Saved entries

== Segment start ==

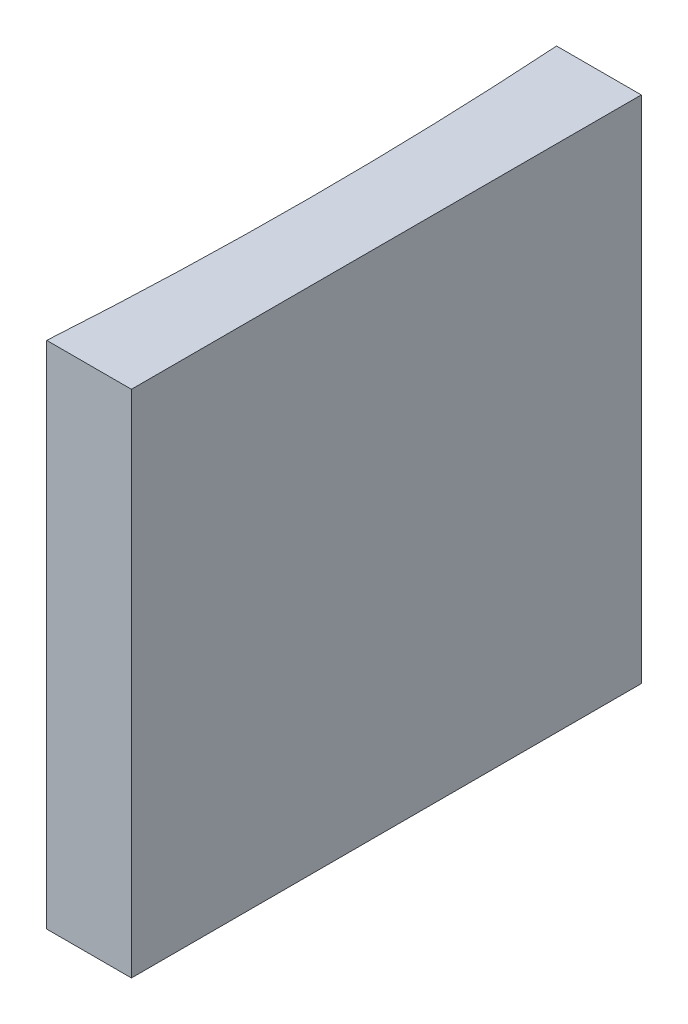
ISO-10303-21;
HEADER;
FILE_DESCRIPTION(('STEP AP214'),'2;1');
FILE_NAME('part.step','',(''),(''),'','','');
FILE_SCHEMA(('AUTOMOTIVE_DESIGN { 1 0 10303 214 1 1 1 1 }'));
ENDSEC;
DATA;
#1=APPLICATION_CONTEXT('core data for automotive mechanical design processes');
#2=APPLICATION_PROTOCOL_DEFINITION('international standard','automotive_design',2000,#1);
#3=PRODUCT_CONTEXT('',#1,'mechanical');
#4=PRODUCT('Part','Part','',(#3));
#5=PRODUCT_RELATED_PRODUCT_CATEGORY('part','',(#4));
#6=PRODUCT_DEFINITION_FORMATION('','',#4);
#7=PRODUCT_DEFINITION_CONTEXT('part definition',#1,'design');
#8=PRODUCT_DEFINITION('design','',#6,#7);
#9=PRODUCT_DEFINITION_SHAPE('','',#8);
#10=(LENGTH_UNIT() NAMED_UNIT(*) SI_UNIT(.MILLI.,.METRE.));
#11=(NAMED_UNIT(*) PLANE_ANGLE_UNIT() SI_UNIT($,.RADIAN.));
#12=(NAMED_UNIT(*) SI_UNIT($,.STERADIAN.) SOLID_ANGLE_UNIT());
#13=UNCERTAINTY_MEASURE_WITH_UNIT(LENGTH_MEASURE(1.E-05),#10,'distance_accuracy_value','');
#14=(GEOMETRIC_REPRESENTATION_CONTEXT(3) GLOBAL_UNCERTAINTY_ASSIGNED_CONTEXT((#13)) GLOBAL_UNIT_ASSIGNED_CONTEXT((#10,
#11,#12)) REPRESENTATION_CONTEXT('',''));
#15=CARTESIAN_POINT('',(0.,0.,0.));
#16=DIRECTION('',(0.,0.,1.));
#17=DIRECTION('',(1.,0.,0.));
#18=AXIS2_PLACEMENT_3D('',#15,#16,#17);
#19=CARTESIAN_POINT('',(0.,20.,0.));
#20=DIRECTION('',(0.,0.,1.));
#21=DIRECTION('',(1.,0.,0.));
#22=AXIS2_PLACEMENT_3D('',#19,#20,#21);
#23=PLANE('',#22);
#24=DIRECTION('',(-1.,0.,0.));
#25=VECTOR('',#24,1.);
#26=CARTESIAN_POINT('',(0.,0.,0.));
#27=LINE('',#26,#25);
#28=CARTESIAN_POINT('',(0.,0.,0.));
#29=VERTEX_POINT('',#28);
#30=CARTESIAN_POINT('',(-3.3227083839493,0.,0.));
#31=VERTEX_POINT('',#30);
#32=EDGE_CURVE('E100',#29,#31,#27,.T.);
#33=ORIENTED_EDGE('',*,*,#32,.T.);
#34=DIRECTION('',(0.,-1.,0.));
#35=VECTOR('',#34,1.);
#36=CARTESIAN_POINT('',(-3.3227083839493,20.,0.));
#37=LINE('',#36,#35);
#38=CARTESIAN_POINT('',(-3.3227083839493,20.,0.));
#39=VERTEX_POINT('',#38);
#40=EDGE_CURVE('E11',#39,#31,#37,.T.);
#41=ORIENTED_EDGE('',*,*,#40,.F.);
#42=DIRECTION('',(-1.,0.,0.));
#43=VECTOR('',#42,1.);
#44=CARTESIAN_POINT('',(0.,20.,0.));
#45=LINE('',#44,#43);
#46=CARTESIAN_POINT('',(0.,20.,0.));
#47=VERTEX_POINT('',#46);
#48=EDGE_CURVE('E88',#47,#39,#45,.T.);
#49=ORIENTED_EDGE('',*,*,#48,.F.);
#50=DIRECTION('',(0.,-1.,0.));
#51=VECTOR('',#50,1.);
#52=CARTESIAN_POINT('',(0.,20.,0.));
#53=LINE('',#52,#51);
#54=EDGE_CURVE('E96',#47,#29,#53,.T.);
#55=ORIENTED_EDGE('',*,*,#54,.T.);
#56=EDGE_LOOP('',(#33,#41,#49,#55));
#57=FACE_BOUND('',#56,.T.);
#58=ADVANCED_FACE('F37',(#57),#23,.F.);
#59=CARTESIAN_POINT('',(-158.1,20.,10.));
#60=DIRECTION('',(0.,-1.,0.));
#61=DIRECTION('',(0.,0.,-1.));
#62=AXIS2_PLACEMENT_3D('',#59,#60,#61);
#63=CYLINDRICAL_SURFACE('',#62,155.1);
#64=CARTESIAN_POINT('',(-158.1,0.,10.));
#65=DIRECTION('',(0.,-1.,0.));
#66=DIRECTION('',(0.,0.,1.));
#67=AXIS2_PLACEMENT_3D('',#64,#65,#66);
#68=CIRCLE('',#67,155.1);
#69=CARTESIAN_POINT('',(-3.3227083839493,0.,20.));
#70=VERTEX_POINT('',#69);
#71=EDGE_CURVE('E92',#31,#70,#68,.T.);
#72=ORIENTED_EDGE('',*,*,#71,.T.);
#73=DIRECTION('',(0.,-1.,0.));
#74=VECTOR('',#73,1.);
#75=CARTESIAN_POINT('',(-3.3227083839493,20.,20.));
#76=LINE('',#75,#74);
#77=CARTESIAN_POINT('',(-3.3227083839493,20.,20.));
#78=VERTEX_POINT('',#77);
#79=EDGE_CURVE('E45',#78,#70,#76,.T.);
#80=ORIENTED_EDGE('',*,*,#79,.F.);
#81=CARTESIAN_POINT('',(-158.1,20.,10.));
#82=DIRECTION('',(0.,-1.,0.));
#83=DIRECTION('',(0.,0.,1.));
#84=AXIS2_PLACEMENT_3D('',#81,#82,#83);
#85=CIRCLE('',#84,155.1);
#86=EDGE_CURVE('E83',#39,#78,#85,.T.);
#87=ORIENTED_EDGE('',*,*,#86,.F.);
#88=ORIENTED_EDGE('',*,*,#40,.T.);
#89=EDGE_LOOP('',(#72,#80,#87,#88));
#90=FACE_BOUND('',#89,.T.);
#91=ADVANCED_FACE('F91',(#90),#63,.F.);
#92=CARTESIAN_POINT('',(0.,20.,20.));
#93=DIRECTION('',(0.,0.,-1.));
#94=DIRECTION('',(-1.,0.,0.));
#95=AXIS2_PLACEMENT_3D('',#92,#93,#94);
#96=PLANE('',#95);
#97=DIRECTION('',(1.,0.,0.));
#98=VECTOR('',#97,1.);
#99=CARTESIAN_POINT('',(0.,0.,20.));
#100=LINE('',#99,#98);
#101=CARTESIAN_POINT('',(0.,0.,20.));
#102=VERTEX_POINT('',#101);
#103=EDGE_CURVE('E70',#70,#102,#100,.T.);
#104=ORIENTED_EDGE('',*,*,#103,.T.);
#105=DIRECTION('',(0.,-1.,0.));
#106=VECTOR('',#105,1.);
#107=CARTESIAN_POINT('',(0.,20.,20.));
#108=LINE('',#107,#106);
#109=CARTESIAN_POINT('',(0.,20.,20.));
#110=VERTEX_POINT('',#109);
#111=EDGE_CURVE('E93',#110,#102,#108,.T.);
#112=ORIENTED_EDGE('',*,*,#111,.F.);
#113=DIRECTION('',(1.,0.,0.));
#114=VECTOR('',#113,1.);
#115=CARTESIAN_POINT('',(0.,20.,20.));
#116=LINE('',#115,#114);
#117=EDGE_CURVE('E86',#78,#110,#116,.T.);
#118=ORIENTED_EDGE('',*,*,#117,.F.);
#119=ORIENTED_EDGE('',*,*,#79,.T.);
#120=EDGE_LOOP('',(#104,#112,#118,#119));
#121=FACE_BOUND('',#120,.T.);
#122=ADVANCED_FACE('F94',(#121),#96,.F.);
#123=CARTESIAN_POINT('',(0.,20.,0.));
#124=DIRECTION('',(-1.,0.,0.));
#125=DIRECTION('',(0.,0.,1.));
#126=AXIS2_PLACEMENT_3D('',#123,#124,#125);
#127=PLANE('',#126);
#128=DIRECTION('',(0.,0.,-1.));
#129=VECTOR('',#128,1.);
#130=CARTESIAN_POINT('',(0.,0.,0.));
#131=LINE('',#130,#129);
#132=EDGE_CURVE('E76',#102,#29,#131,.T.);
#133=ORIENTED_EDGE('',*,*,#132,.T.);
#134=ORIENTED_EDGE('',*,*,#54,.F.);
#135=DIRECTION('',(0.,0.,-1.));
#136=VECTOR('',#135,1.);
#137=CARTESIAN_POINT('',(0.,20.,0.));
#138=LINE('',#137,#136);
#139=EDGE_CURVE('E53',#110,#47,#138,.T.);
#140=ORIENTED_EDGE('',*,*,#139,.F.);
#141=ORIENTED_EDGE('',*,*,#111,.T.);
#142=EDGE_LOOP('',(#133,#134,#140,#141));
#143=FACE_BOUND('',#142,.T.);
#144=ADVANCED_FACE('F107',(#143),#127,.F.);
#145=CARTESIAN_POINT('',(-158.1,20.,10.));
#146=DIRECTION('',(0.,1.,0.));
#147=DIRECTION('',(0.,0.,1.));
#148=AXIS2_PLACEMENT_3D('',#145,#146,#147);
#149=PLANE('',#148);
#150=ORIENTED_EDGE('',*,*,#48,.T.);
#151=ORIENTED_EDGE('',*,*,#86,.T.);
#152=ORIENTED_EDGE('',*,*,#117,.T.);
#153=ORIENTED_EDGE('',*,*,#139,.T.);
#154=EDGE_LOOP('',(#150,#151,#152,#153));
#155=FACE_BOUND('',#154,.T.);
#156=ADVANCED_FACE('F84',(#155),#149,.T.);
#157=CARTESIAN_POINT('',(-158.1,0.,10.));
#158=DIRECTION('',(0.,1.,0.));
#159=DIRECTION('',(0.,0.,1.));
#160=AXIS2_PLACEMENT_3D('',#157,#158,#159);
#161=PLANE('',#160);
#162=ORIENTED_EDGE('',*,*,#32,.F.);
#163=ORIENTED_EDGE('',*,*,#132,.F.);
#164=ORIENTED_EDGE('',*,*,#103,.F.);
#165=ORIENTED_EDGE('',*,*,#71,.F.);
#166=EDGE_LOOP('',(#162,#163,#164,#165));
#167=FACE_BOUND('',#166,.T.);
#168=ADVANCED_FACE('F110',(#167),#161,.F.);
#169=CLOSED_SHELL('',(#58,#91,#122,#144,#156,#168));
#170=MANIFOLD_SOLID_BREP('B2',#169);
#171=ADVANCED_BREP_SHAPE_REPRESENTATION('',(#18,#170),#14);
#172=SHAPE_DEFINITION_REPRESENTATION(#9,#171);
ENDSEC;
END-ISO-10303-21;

== Segment end ==

TASK DETAILS -> With the line that contains "#168=ADVANCED_FACE('F110',(#167),#161,.F.);" as the first and the final line of the data as the last, repeat every line in that span exactly.

RESPONSE TO THE EXERCISE ->
#168=ADVANCED_FACE('F110',(#167),#161,.F.);
#169=CLOSED_SHELL('',(#58,#91,#122,#144,#156,#168));
#170=MANIFOLD_SOLID_BREP('B2',#169);
#171=ADVANCED_BREP_SHAPE_REPRESENTATION('',(#18,#170),#14);
#172=SHAPE_DEFINITION_REPRESENTATION(#9,#171);
ENDSEC;
END-ISO-10303-21;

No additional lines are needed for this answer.